ROC curves and AUC for EBF model

Conclusion

In this paper, GIS-automated techniques were integrated with the quantitative data-driven EBF model to estimate wildfire probability in a part of the Hyrcanian ecoregion. A wide array of predictor variables including aspect, elevation, plan curvature, TRI, annual temperature and rainfall, evapotranspiration, LULC, soil type, and proximity to roads, rivers, and settlements were used as the inputs to the EBF model. The application of model was divided into training and validation steps. 70% of historical fire events were used for training the model, and the remainder was used for validation purpose. The results showed that the GIS-based EBF framework is successful for identifying fire-prone areas. The derived probability map revealed that zones of moderate, high, and very high probability covered nearly 60% of the land area and the probability of fire occurrence was strongly dependent upon human infrastructure and associated activities. As a whole, the results revealed a good reliability of the adopted approach for investigating the spatial relationship between each category of the predictor variables and historical fire locations throughout the study area that enabled us to study in detail the effect of each variable on the probability of fire occurrence.

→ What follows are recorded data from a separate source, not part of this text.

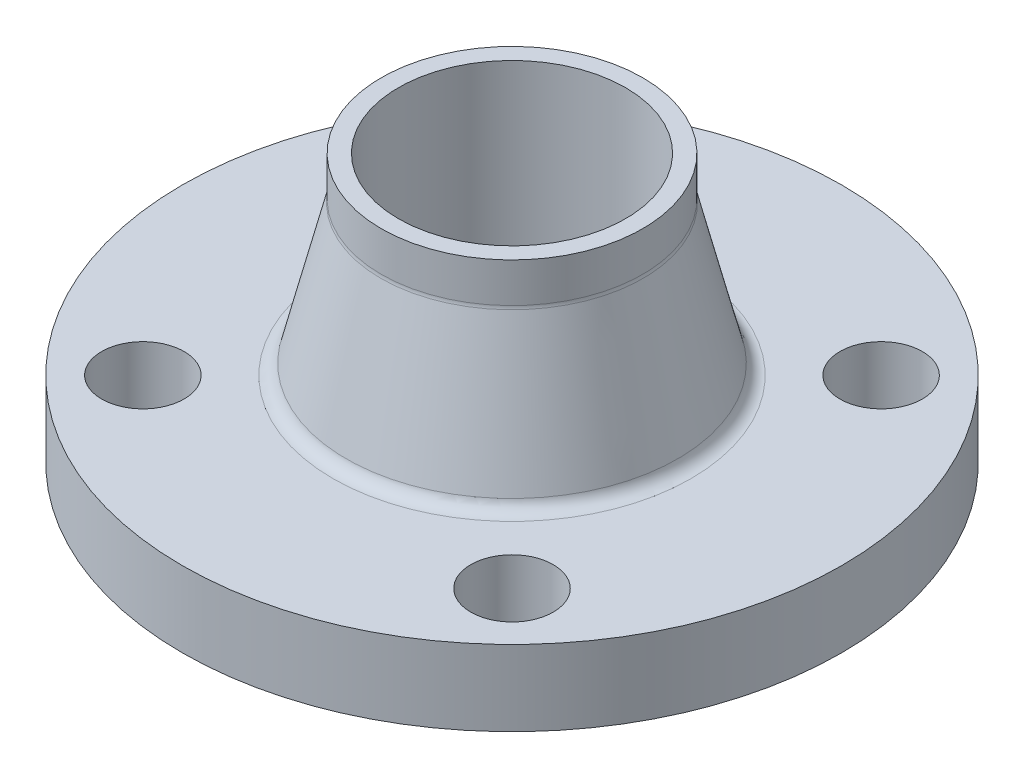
from build123d import *

# Parameters (mm, degrees)
SKETCH4_R               = 9.525
F_1ST_BOLT_HOLE_DEPTH   = 117.570504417
BOLT_HOLE_PATTERN_COUNT = 4


with BuildPart() as part:
    # Sketch3 → Base-Revolve (revolve)
    with BuildSketch(Plane.XY, mode=Mode.PRIVATE) as base_revolve_sk:
        with BuildLine():
            Line((26.2509, 61.9125), (26.2509, -1.5875))
            Line((26.2509, -1.5875), (46.0375, -1.5875))
            Line((46.0375, -1.5875), (46.0375, 0))
            Line((46.0375, 0), (76.2, 0))
            Line((76.2, 0), (76.2, 17.4625))
            Line((76.2, 17.4625), (41.377092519, 17.4625))
            ThreePointArc((41.377092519, 17.4625), (39.421017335, 18.13662118), (38.295576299, 19.872723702))
            Line((38.295576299, 19.872723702), (30.31948378, 52.010825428))
            ThreePointArc((30.31948378, 52.010825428), (30.2494576, 52.390367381), (30.226, 52.775601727))
            Line((30.226, 52.775601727), (30.226, 61.9125))
            Line((30.226, 61.9125), (26.2509, 61.9125))
        make_face()
    revolve(base_revolve_sk.sketch.rotate(Axis((0, 0, 0), (0, 1, 0)), 90), axis=Axis((0, 0, 0), (0, 1, 0)))

    # Sketch4 → 1st Bolt Hole (cut, through all)
    with BuildSketch(Plane(origin=(0, 17.4625, 0), x_dir=(-1, 0, 0), z_dir=(0, 1, 0))):
        with Locations(Location((-42.656216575, 42.656216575, 0), (0, 0, 90))):
            Circle(SKETCH4_R)
    f_1st_bolt_hole = extrude(amount=-F_1ST_BOLT_HOLE_DEPTH, mode=Mode.SUBTRACT)

    # Bolt Hole Pattern: 1st Bolt Hole ×4 about axis
    bolt_hole_pattern_axis = Axis((0, 0, 0), (0, 1, 0))
    for i in range(1, BOLT_HOLE_PATTERN_COUNT):
        add(f_1st_bolt_hole.rotate(bolt_hole_pattern_axis, i * 360 / BOLT_HOLE_PATTERN_COUNT), mode=Mode.SUBTRACT)


solid = part.part
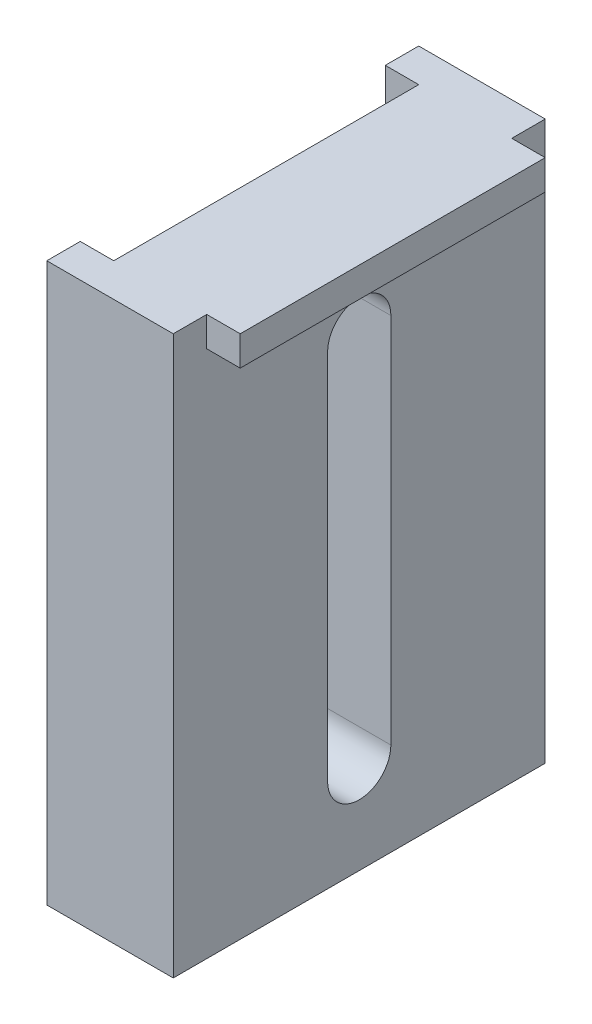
from build123d import *

# Parameters (mm, degrees)
EXTRUSION1_DEPTH        = 25
ESQUISSE2_W             = 41
ESQUISSE2_H             = 71
ENL_V_MAT_EXTRU_1_DEPTH = 2
ESQUISSE3_W             = 41
ESQUISSE3_H             = 4
ENL_V_MAT_EXTRU_2_DEPTH = 4.5
LUMIERE1_REACH          = 180.339
ESQUISSE4_W             = 4.5
ESQUISSE4_H             = 4.5
ENL_V_MAT_EXTRU_4_DEPTH = 78.168646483


with BuildPart() as part:
    # Esquisse1 → Extrusion1 (new, symmetric)
    with BuildSketch(Plane.XY):
        Polygon((0, 0), (0, 71), (4.5, 71), (4.5, 75), (-17, 75), (-17, 0), align=None)
    extrude(amount=EXTRUSION1_DEPTH, both=True)

    # Esquisse2 → Enl_v. mat.-Extru.1 (cut)
    with BuildSketch(Plane.ZY.offset(17)):
        with Locations((0, 35.5)):
            Rectangle(ESQUISSE2_W, ESQUISSE2_H)
    extrude(amount=-ENL_V_MAT_EXTRU_1_DEPTH, mode=Mode.SUBTRACT)

    # Esquisse3 → Enl_v. mat.-Extru.2 (cut)
    with BuildSketch(Plane.ZY.offset(17)):
        with Locations((0, 73)):
            Rectangle(ESQUISSE3_W, ESQUISSE3_H)
    extrude(amount=-ENL_V_MAT_EXTRU_2_DEPTH, mode=Mode.SUBTRACT)

    # Sketch2 → lumiere1 (cut, up to next)
    with BuildSketch(Plane(origin=(-15, -52.800267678, -97.848400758), x_dir=(0, 0, 1), z_dir=(-1, 0, 0)), mode=Mode.PRIVATE) as lumiere1_sk1:
        with BuildLine():
            Line((93.598400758, 115.300267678), (93.598400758, 65.300267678))
            ThreePointArc((93.598400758, 65.300267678), (97.848400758, 61.050267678), (102.098400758, 65.300267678))
            Line((102.098400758, 65.300267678), (102.098400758, 115.300267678))
            ThreePointArc((102.098400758, 115.300267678), (97.848400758, 119.550267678), (93.598400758, 115.300267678))
        make_face()
    lumiere1_tool1 = extrude(lumiere1_sk1.sketch, amount=-LUMIERE1_REACH, mode=Mode.PRIVATE) & part.part
    add(lumiere1_tool1.solids().sort_by_distance((-15, 37.5, 0))[0], mode=Mode.SUBTRACT)

    # Esquisse4 → Enl_v. mat.-Extru.4 (cut, through all)
    with BuildSketch(Plane.XZ.offset(-71)):
        with Locations((2.25, -22.75)):
            Rectangle(ESQUISSE4_W, ESQUISSE4_H)
        with Locations((2.25, 22.75)):
            Rectangle(ESQUISSE4_W, ESQUISSE4_H)
    extrude(amount=-ENL_V_MAT_EXTRU_4_DEPTH, mode=Mode.SUBTRACT)


solid = part.part

Due to the continuous human activity throughout the landscape, the probability of fire occurrence is subject to change. Thus, a periodic updating of the results is desirable. Recommendations for future research include evaluating the capability of different bivariate, multivariate, and knowledge-based models, as well as assessing and employing a wider range of predictor variables, especially those related to human actions, to produce more reliable estimates of wildfire probability.